The ‘failing firm’ defence in EU and UK merger control
Produced in partnership with John Cook
The ‘failing firm’ defence in EU and UK merger control

The following Competition guidance note Produced in partnership with John Cook provides comprehensive and up to date legal information covering:

  • The ‘failing firm’ defence in EU and UK merger control
  • Origins and development of the 'failing firm' defence
  • Establishing the 'failing firm' defence
  • The European Commission’s approach
  • Mergers applying the defence in the UK
  • Practical considerations

BREXIT: The law and practice referred to in this Practice Note may be impacted by Brexit. For further information on the potential impact, see: The effect of Brexit on UK competition law in a deal or no deal scenario.

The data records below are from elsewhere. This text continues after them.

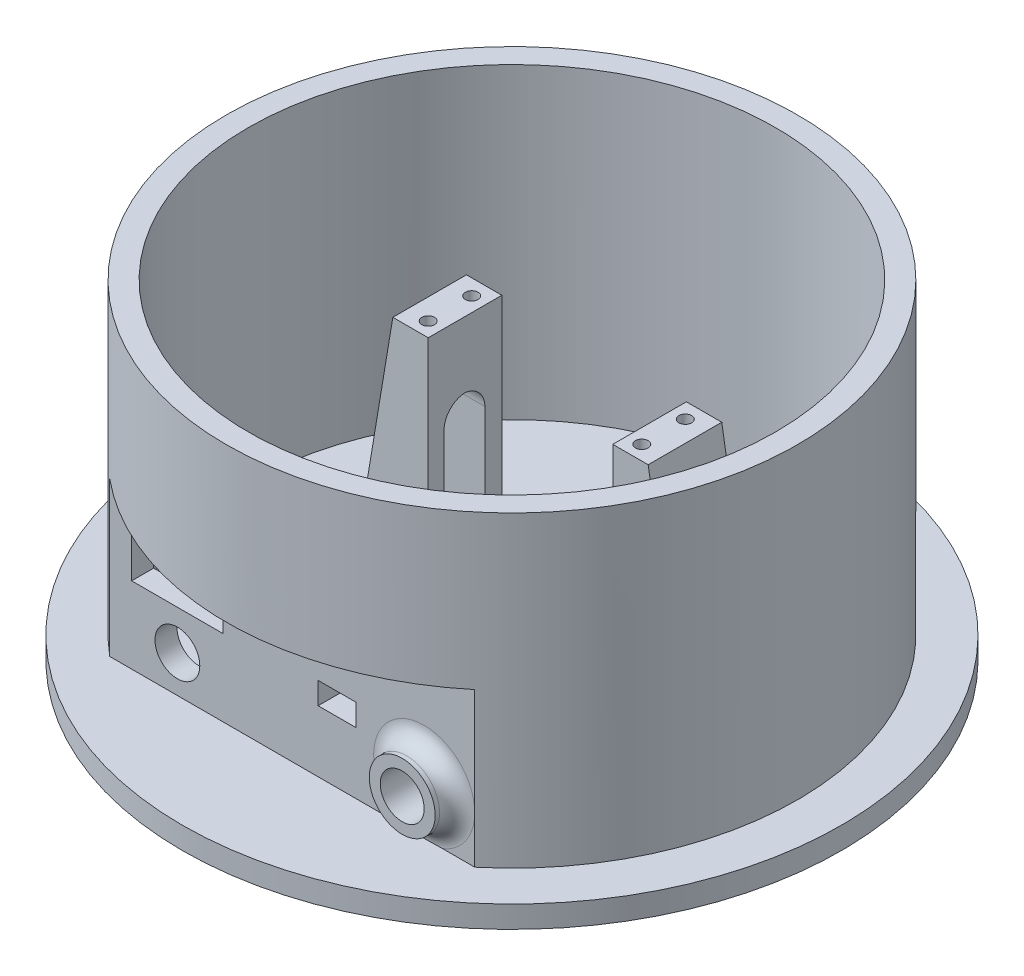
SolidWorks part; units mm, degrees
ref_plane "Front Plane" through (0, 0, 0) normal (0, 0, 1) x (1, 0, 0)
ref_plane "Top Plane" through (0, 0, 0) normal (0, 1, 0) x (1, 0, 0)
ref_plane "Right Plane" through (0, 0, 0) normal (1, 0, 0) x (0, 0, -1)
sketch "Sketch4" plane through (0, 0, 0) normal (0, 1, 0) x (1, 0, 0)
  circle A8 centre (0, 0) radius 65
  line B0 (-17.3, 2.3) -> (-17.3, 0.8)
  line B1 (-17.3, 0.75) -> (-17.3, -0.75)
  line B2 (11.8, -8.9) -> (11.8, -2)
  line B3 (11.8, 2) -> (11.8, 8.9)
  line B4 (11.8, 8.9) -> (3.9815, 8.9)
  line B5 (3.9815, -8.9) -> (11.8, -8.9)
  line B6 (24.5, -8.9) -> (3.9815, -8.9)
  line B7 (0, -9.75) -> (29.7, -9.75)
  line B8 (29.7, -9.75) -> (29.7, 9.75)
  line B9 (29.7, 9.75) -> (0, 9.75)
  line B10 (3.9815, 8.9) -> (24.5, 8.9)
  line B11 (23.4, -7.85) -> (23.4, 7.85)
  line B12 (23.4, 7.85) -> (12.9, 7.85)
  line B13 (12.9, 7.85) -> (12.9, -7.85)
  line B14 (12.9, -7.85) -> (23.4, -7.85)
  line B15 (24.5, -8.9) -> (24.5, 8.9)
  line B16 (11.8, 8.9) -> (11.8, -8.9)
  line B17 (11.8, -8.9) -> (24.5, -8.9)
  line B18 (-9.8, 0.5) -> (-16.8, 0.5)
  line B19 (-16.8, -0.5) -> (-9.8, -0.5)
  line B20 (-9.8, -0.5) -> (-9.8, 0.5)
  line B21 (-16.8, -0.5) -> (-16.8, -3.45)
  line B22 (-15.3, -9.25) -> (-9.8, -9.25)
  line B23 (-9.8, -9.25) -> (-9.8, -0.5)
  line B24 (-9.8, 0.5) -> (-9.8, 9.25)
  line B25 (-9.8, 9.25) -> (-15.3, 9.25)
  line B26 (-16.8, 7.75) -> (-16.8, 6.45)
  line B27 (-15.8321, 3.95) -> (-16.3, 3.95)
  line B28 (-16.8, 3.45) -> (-16.8, 0.5)
  line B29 (37.2, 0.5) -> (30.2, 0.5)
  line B30 (30.2, 0.5) -> (30.2, -0.5)
  line B31 (30.2, -0.5) -> (37.2, -0.5)
  line B32 (-9.8, -9.25) -> (-9.8, -0.5)
  line B33 (30.2, -0.5) -> (30.2, -9.25)
  line B34 (30.2, -9.25) -> (35.7, -9.25)
  line B35 (37.2, -7.75) -> (37.2, -6.45)
  line B36 (36.7, -5.95) -> (36.2321, -5.95)
  line B37 (37.2, -3.45) -> (37.2, -0.5)
  line B38 (30.2, 9.25) -> (30.2, 0.5)
  line B39 (30.2, 0.5) -> (37.2, 0.5)
  line B40 (37.2, 0.5) -> (37.2, 3.45)
  line B41 (37.2, 6.45) -> (37.2, 7.75)
  line B42 (35.7, 9.25) -> (30.2, 9.25)
  line B43 (-9.8, 9.5) -> (-9.8, -9.5)
  line B44 (-9.3, -10) -> (29.7, -10)
  line B45 (30.2, -9.5) -> (30.2, 9.5)
  line B46 (29.7, 10) -> (-9.3, 10)
  line B47 (0, 9.75) -> (-9.3, 9.75)
  line B48 (-9.3, 9.75) -> (-9.3, 2.9279)
  line B49 (-9.3, -2.9279) -> (-9.3, -9.75)
  line B50 (-9.3, -9.75) -> (0, -9.75)
  line B51 (-14.3, 2.921) -> (-10.3, 3.2007)
  line B52 (-10.3, 3.5) -> (-14.3, 3.2203)
  line B53 (-14.3, -3.2203) -> (-10.3, -3.5)
  line B54 (-10.3, -3.2007) -> (-14.3, -2.921)
  line B55 (-9.8, -10.25) -> (30.2, -10.25)
  line B56 (29.7, -10) -> (-9.3, -10)
  line B57 (30.2, 10.25) -> (-9.8, 10.25)
  line B58 (-9.3, 10) -> (29.7, 10)
  line B59 (-17.3, 2.3) -> (-17.3, -2.301)
  circle B60 centre (0, 0) radius 5.3
  arc B61 (11.8, 2) -> (11.8, -2) centre (11.8, 0) ccw
  arc B62 (3.9815, 8.9) -> (3.9815, -8.9) centre (0, 0) ccw
  arc B63 (24.5, -5.1324) -> (24.5, 5.1324) centre (20.8069, 0) ccw
  arc B64 (-15.8321, -5.95) -> (-15.8321, -3.95) centre (-14.1, -4.95) ccw
  arc B65 (-15.3, 9.25) -> (-16.8, 7.75) centre (-15.3, 7.75) ccw
  arc B66 (-15.8321, 3.95) -> (-15.8321, 5.95) centre (-14.1, 4.95) ccw
  circle B67 centre (0, 0) radius 3
  circle B68 centre (0, 0) radius 6.5
  arc B69 (-15.8321, 3.95) -> (-15.8321, 5.95) centre (-14.1, 4.95) ccw
  arc B70 (36.2321, -3.95) -> (36.2321, -5.95) centre (34.5, -4.95) ccw
  arc B71 (37.2, 3.45) -> (36.7, 3.95) centre (36.7, 3.45) ccw
  arc B72 (36.2321, 5.95) -> (36.2321, 3.95) centre (34.5, 4.95) ccw
  arc B73 (37.2, 7.75) -> (35.7, 9.25) centre (35.7, 7.75) ccw
  arc B74 (0, 9.75) -> (-9.3, 2.9279) centre (0, 0) ccw
  dimension "D1" = 130
sketch_block_instance "MG996R_TOP-2"
sketch_block "MG996R_TOP"
extrude "Extrude-Thin1" add sketch "Sketch4" along normal blind 75 thin thin type one direction reverse wall 5
sketch "Sketch5" plane through (0, 0, 0) normal (0, 1, 0) x (1, 0, 0)
  circle A0 centre (0, 0) radius 65 construction
  circle A1 centre (0, 0) radius 65 construction
  circle A2 centre (0, 0) radius 75
  dimension "D1" = 10
extrude "Boss-Extrude1" add sketch "Sketch5" along normal blind 5 contours A2
ref_plane "Plane1" through (0, 45, 0) normal (0, 1, 0) x (1, 0, 0)
sketch "Sketch6" plane through (0, 45, 0) normal (0, 1, 0) x (1, 0, 0)
  line L0 (0, -50) -> (0, -65) construction
  line L1 (-41.5331, -50) -> (41.5331, -50)
  line L6 (-41.5331, -50) -> (41.5331, -50)
  line L7 (-41.5331, -50) -> (-41.5331, -45)
  line L8 (-41.5331, -45) -> (41.5331, -45)
  line L9 (41.5331, -50) -> (41.5331, -45)
  circle A0 centre (0, 0) radius 65 construction
  arc A1 (-41.5331, -50) -> (41.5331, -50) centre (0, 0) ccw
  point P9 (0, -50)
  dimension "D2" = 5
  dimension "D1" = 15
extrude "Boss-Extrude2" add sketch "Sketch6" against normal up to surface (40 mm away) contours L1 L6 L9 L8 L7 | L6 L0 A1 | L0 L1 A1 region at (15.8461, 45, 56.0636) region at (-15.8461, 45, 56.0636) region at (0, 45, 47.5) up to face at (0, 5, 65)
sketch "Sketch7" plane through (0, 45, 0) normal (0, 1, 0) x (1, 0, 0)
  line L0 (-39.6863, -45) -> (39.6863, -45) construction
  line L1 (-46.9042, -45) -> (46.9042, -45) construction
  line L2 (-41.5331, -50) -> (41.5331, -50)
  line L3 (-46.9042, -50) -> (46.9042, -50) construction
  circle A0 centre (0, 0) radius 65 construction
  arc A1 (-41.5331, -50) -> (41.5331, -50) centre (0, 0) ccw
  dimension "D1" = 5
extrude "Cut-Extrude1" cut sketch "Sketch7" against normal up to surface (40 mm away) from offset 5 up to face at (0, 5, 65) offset against normal yes
sketch "Sketch8" plane through (0, 5, 0) normal (0, 1, 0) x (1, 0, 0)
  line L0 (31.2, -8.25) -> (31.2, 8.5)
  line L1 (31.2, 8.5) -> (38.8, 8.5)
  line L2 (37.8, -8.25) -> (37.8, 8.5) construction
  line L3 (31.2, -8.25) -> (38.8, -8.25)
  line L4 (-10.8, -8.25) -> (-10.8, 8.5)
  line L5 (-10.8, 8.5) -> (-18.4, 8.5)
  line L6 (-17.4, -8.25) -> (-17.4, 8.5) construction
  line L9 (-10.8, -8.25) -> (-18.4, -8.25)
  line L10 (-14.1, 4.95) -> (-14.1, -4.95) construction
  line L14 (34.5, 4.95) -> (34.5, -4.95) construction
  line L15 (30.2, 9.5) -> (38.8, 9.5) construction
  line L16 (38.8, -9.25) -> (38.8, 9.5) construction
  line L17 (-10.8, 8.5) -> (-17.4, 8.5) construction
  line L19 (-9.8, -9.25) -> (-18.4, -9.25) construction
  line L21 (-9.8, -9.25) -> (-9.8, 9.5) construction
  line L22 (-9.8, -0.5) -> (30.2, -0.5) construction
  line L23 (-9.8, 9.5) -> (-18.4, 9.5) construction
  line L24 (-18.4, -9.25) -> (-18.4, 9.5) construction
  line L25 (10.2, -0.5) -> (10.2, -3.95) construction
  line L26 (30.2, -9.25) -> (38.8, -9.25) construction
  line L27 (30.2, -9.25) -> (30.2, 9.5) construction
  line L28 (-10.8, -8.25) -> (-17.4, -8.25) construction
  line L29 (31.2, 8.5) -> (37.8, 8.5) construction
  line L30 (31.2, -8.25) -> (37.8, -8.25) construction
  line L31 (-18.4, 8.5) -> (-18.4, -8.25)
  line L32 (38.8, 8.5) -> (38.8, -8.25)
  arc A0 (-15.8321, 3.95) -> (-15.8321, 5.95) centre (-14.1, 4.95) ccw construction
  arc A1 (-15.8321, -5.95) -> (-15.8321, -3.95) centre (-14.1, -4.95) ccw construction
  circle A4 centre (-14.1, 4.95) radius 2
  circle A5 centre (-14.1, -4.95) radius 2
  circle A6 centre (34.5, 4.95) radius 2
  circle A8 centre (34.5, -4.95) radius 2
  point P0 (-14.1, -4.95)
  point P2 (-14.1, 4.95)
  dimension "D1" = 1
  dimension "D2" = 1
extrude "Boss-Extrude3" add sketch "Sketch8" along normal offset from surface (57.3 mm away) 12.7 contours L0 L3 L2 L1 A6 A8 | A6 | A8 | A5 | L9 L4 L5 L6 A5 A4 | A4 | A8 | A6 | L0 L1 L32 L3 region at (35.123, 5, -0.1557) region at (-14.723, 5, -0.1557) region at (-14.1, 5, -4.95) region at (-14.1, 5, 4.95) region at (34.5, 5, -4.95) region at (34.5, 5, 4.95) up to face at (0, 75, 65)
chamfer "Chamfer1" distance 10 distance2 60 2 edges at (38.8, 5, -0.125) (-18.4, 5, -0.125) first distance on face at (0, 5, -7.5)
sketch "Sketch9" plane through (0, 62.3, 0) normal (0, 1, 0) x (1, 0, 0)
  point P0 (34.5, 4.95)
  point P1 (34.5, -4.95)
  point P3 (-14.1, 4.95)
  point P5 (-14.1, -4.95)
hole_wizard "M3.5x0.6 Tapped Hole1" positions "Sketch9" profile "Sketch10" tap size "M3.5x0.6" standard "ANSI Metric"
sketch "Sketch10" plane through (34.5, 62.3, -4.95) normal (1, 0, 0) x (0, 0, 1)
  line L0 (0, 0) -> (0, 10)
  line L1 (0, 10) -> (1.45, 9.1288)
  line L2 (1.45, 9.1288) -> (1.45, 0)
  line L5 (1.45, 0) -> (0, 0)
  line L10 (0, 10) -> (-1.45, 9.1288) construction
  line L11 (0, -6.35) -> (0, 107.95) construction
  dimension "Tap Drill Dia." = 2.9
  dimension "Tap Drill Depth" = 10
  dimension "Drill Angle" = 118
cosmetic thread "Hole Thread1" parameters "D1"=7, "D2"=3.5
cosmetic thread "Hole Thread2" parameters "D1"=7, "D2"=3.5
cosmetic thread "Hole Thread3" parameters "D1"=7, "D2"=3.5
cosmetic thread "Hole Thread4" parameters "D1"=7, "D2"=3.5
sketch "Sketch11" plane through (0, 62.3, 0) normal (0, 1, 0) x (1, 0, 0)
  line L0 (-9.777, 4.6395) -> (-28.4, 4.6395)
  line L1 (-28.4, -8.25) -> (-28.4, 8.5) construction
  line L2 (-28.4, 4.6395) -> (-28.4, -4.6395)
  line L3 (-28.4, -4.6395) -> (-9.777, -4.6395)
  line L4 (0, 0) -> (-37.1678, 0) construction
  line L5 (-9.777, 4.6395) -> (-9.777, -4.6395)
extrude "Cut-Extrude2" cut sketch "Sketch11" along normal offset from surface (42.3 mm away) 15 from surface up to face at (-14.1, 62.3, -3.5) starting at face at (0, 5, -7.5)
fillet "Fillet1" radius 5 2 edges at (-16.075, 47.3, -4.6395) (-16.075, 47.3, 4.6395)
sketch "Sketch12" plane through (0, 0, 50) normal (0, 0, 1) x (1, 0, 0)
  line L0 (-36.5331, 22.4) -> (-15.7331, 22.4)
  line L1 (-36.5331, 22.4) -> (-36.5331, 35)
  line L2 (-36.5331, 35) -> (-15.7331, 35)
  line L3 (-15.7331, 22.4) -> (-15.7331, 35)
  line L4 (-36.5331, 35) -> (-15.7331, 22.4) construction
  line L5 (-41.5331, 40) -> (41.5331, 40) construction
  line L6 (-41.5331, 5) -> (-41.5331, 40) construction
  line L7 (-26.1331, 7.55) -> (-26.1331, 49.85) construction
  line L8 (-26.1331, 7.55) -> (-26.1331, 19.25)
  line L9 (6.4, 19.5) -> (14, 19.5) construction
  line L10 (6.4, 19.5) -> (6.4, 23.5) construction
  line L11 (6.4, 23.5) -> (14, 23.5) construction
  line L12 (14, 19.5) -> (14, 23.5) construction
  line L13 (6.4, 19.5) -> (14, 23.5) construction
  line L14 (6.4, 23.5) -> (14, 19.5) construction
  line L15 (-41.5331, 5) -> (41.5331, 5) construction
  line L16 (14.5, 19) -> (14.5, 24)
  line L17 (5.9, 24) -> (14.5, 24)
  line L18 (5.9, 19) -> (5.9, 24)
  line L19 (5.9, 19) -> (14.5, 19)
  circle A0 centre (-26.1331, 13.4) radius 5.1
  point P8 (-26.1331, 7.55)
  point P14 (-26.1331, 13.4)
  point P16 (-26.1331, 28.7)
  point P17 (10.2, 21.5)
  dimension "D6" = 10.2
  dimension "D7" = 9
  dimension "D1" = 20.8
  dimension "D2" = 12.6
  dimension "D3" = 5
  dimension "D4" = 5
  dimension "D5" = 11.7
  dimension "D8" = 4
  dimension "D9" = 7.6
  dimension "D10" = 14.5
  dimension "D11" = 0.5
extrude "Cut-Extrude3" cut sketch "Sketch12" against normal up to next contours L3 L2 L1 L0 | A0 | L16 L17 L18 L19
sketch "Sketch13" plane through (0, 0, 50) normal (0, 0, 1) x (1, 0, 0)
  line L0 (41.5331, 5) -> (41.5331, 40) construction
  circle A0 centre (30.0331, 15.716) radius 7.5
  circle A1 centre (30.0331, 15.716) radius 5
  point P4 (37.5331, 15.716)
  dimension "D1" = 15
  dimension "D2" = 10
  dimension "D3" = 4
extrude "Boss-Extrude4" add sketch "Sketch13" along normal blind 5
fillet "Fillet2" radius 4 1 edges at (22.5331, 15.716, 50)
sketch "Sketch14" plane through (0, 0, 50) normal (0, 0, 1) x (1, 0, 0)
  circle A1 centre (30.0331, 15.716) radius 5
  circle A2 centre (30.0331, 15.716) radius 5
  dimension "D1" = 0
extrude "Cut-Extrude4" cut sketch "Sketch14" against normal up to next

Assessment of the competitive effect of a merger involves examining the degree to which the merging firms are close and effective competitors of each other. This judgment must be forward-looking, considering how competition might change in future years. Relevant factors include: possible obsolescence of products; the state and development of any key technology; the resources of the firms; their level of debts; and whether the activities, the subject of the merger are core or peripheral.

At its most acute, it may be that one of the merging firms is simply unlikely to be able to continue in business in the future, for example because of its losses and level of debt or its core products or technology having become out of date. In such a case the acquiring company will argue that its target is or, over the appropriate future horizon, will not be an effective competitor or will abandon the market altogether. This plea has come to be known as ‘the failing firm’ defence (and the merger itself may sometimes be described as a ‘rescue’ merger).